▸ **ABOUT THIS EXERCISE**:
Using the listing that follows, return every line with the word "insert".

▸ **RECORD EXTRACTS**:
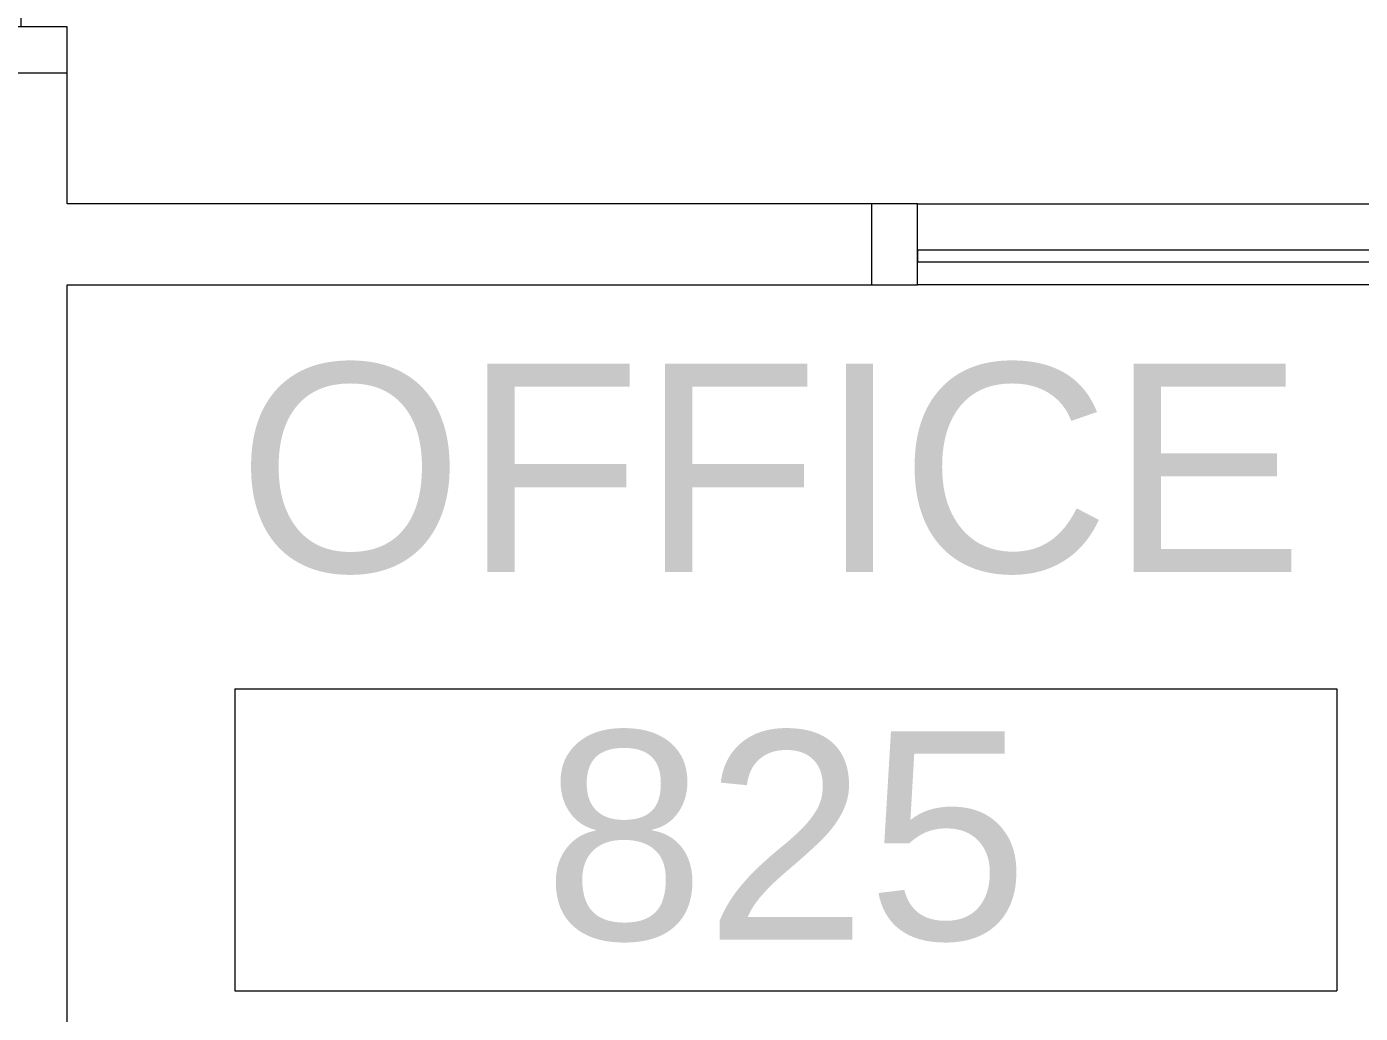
# Model space of a CAD drawing. Header units: inches. Extents: x 1 to 4637, y -664 to 702.
# Drawn here: x 1228 to 1285.7, y -526.2 to -483.6 of the extents above; entities that cross this region are included whole.
import ezdxf

# ---------------------------------------------------------------- set-up
doc = ezdxf.new("R2010")
doc.units = ezdxf.units.IN
doc.header["$MEASUREMENT"] = 0
for name, color, linetype, lineweight in [('A-AREA-IDEN', 2, 'Continuous', 20), ('A-DOOR', 31, 'Continuous', 9), ('A-DOOR-FRAM', 31, 'Continuous', 9), ('A-GLAZ', 151, 'Continuous', 9), ('I-WALL', 2, 'Continuous', 9)]:
    doc.layers.add(name, color=color, linetype=linetype, lineweight=lineweight)
doc.styles.add('Arial', font='arial.ttf', dxfattribs={"height": 9})

# ---------------------------------------------------------------- blocks, each defined once
blk = doc.blocks.new('Single-Flush - With Sidelight - 36_ x 96_-2457192-New Construction - Tel_Data_Elec Plan')
at = {"layer": 'A-DOOR', "color": 250, "lineweight": 20}
for p, q in [((-16, -1.75), (-18, -1.75)), ((-18, -1.75), (-18, -37.75)), ((-16, -37.75), (-16, -1.75)), ((-16, -37.75), (-18, -37.75))]:
    blk.add_line(p, q, dxfattribs=at)
at = {"layer": 'A-DOOR'}
blk.add_arc((-18, -1.75), 36, 270, 0, dxfattribs=at)
at = {"layer": 'A-DOOR-FRAM', "color": 250, "lineweight": 20}
blk.add_line((58, 1.75), (58, -1.75), dxfattribs=at)
at = {"layer": 'A-GLAZ', "color": 250, "lineweight": 20}
for p, q in [((20, -0.75), (20, -0.25)), ((20, -0.25), (56, -0.25)), ((56, -0.25), (56, -0.75)), ((56, -0.75), (20, -0.75))]:
    blk.add_line(p, q, dxfattribs=at)
blk = doc.blocks.new('Single-Flush - With Sidelight - 36_ x 96_-2457194-New Construction - Tel_Data_Elec Plan')
at = {"layer": 'A-DOOR-FRAM', "color": 250, "lineweight": 20}
blk.add_line((58, -1.75), (58, 1.75), dxfattribs=at)
at = {"layer": 'A-GLAZ', "color": 250, "lineweight": 20}
for p, q in [((56, 0.75), (20, 0.75)), ((56, 0.25), (56, 0.75)), ((20, 0.25), (56, 0.25))]:
    blk.add_line(p, q, dxfattribs=at)
blk = doc.blocks.new('FORM Room Tag - Name _ Number-2260771-New Construction - Tel_Data_Elec Plan')
at = {"layer": 'A-AREA-IDEN'}
for p, q in [((-0.24443, -0.02311), (-0.24443, -0.15886)), ((-0.24443, -0.02311), (0.2515, -0.02311)), ((0.2515, -0.02311), (0.2515, -0.15886)), ((-0.24443, -0.15886), (0.2515, -0.15886))]:
    blk.add_line(p, q, dxfattribs=at)

msp = doc.modelspace()

# ---------------------------------------------------------------- linework, layer by layer
at = {"layer": 'I-WALL', "color": 250, "lineweight": 20}
for p, q in [((1229.786, -483.58), (1226.286, -483.58)), ((1229.786, -491.228), (1229.786, -483.58)), ((1266.536, -491.228), (1229.786, -491.228)), ((1266.536, -494.728), (1266.536, -491.228)), ((1229.786, -648.603), (1229.786, -494.728)), ((1229.786, -494.728), (1266.536, -494.728))]:
    msp.add_line(p, q, dxfattribs=at)
at = {"layer": 'I-WALL', "lineweight": 13}
for p, q in [((1266.536, -491.228), (1302.536, -491.228)), ((1302.536, -494.728), (1266.536, -494.728))]:
    msp.add_line(p, q, dxfattribs=at)

# ---------------------------------------------------------------- block references
at = {"layer": 'A-AREA-IDEN', "xscale": 95.99999999999994, "yscale": 95.99999999999994, "zscale": 95.99999999999994}
msp.add_blockref('FORM Room Tag - Name _ Number-2260771-New Construction - Tel_Data_Elec Plan', (1260.503, -509.96), dxfattribs=at)
at = {"layer": 'A-DOOR', "lineweight": 13}
for name, p, rotation in [('Single-Flush - With Sidelight - 36_ x 96_-2457192-New Construction - Tel_Data_Elec Plan', (1228.036, -427.58), 270), ('Single-Flush - With Sidelight - 36_ x 96_-2457194-New Construction - Tel_Data_Elec Plan', (1322.536, -492.978), 180)]:
    msp.add_blockref(name, p, dxfattribs=dict(at, rotation=rotation))

# ---------------------------------------------------------------- texts
at = {"layer": 'A-AREA-IDEN', "lineweight": 9, "char_height": 9, "attachment_point": 1, "style": 'Arial'}
for s, insert, width in [('OFFICE', (1237.137, -498.125), 56.358), ('825', (1250.357, -514.003), 25.452)]:
    msp.add_mtext(s, dxfattribs=dict(at, insert=insert, width=width))

doc.saveas('drawing.dxf')

▸ **RESULT OF THIS TASK**:
for s, insert, width in [('OFFICE', (1237.137, -498.125), 56.358), ('825', (1250.357, -514.003), 25.452)]:
    msp.add_mtext(s, dxfattribs=dict(at, insert=insert, width=width))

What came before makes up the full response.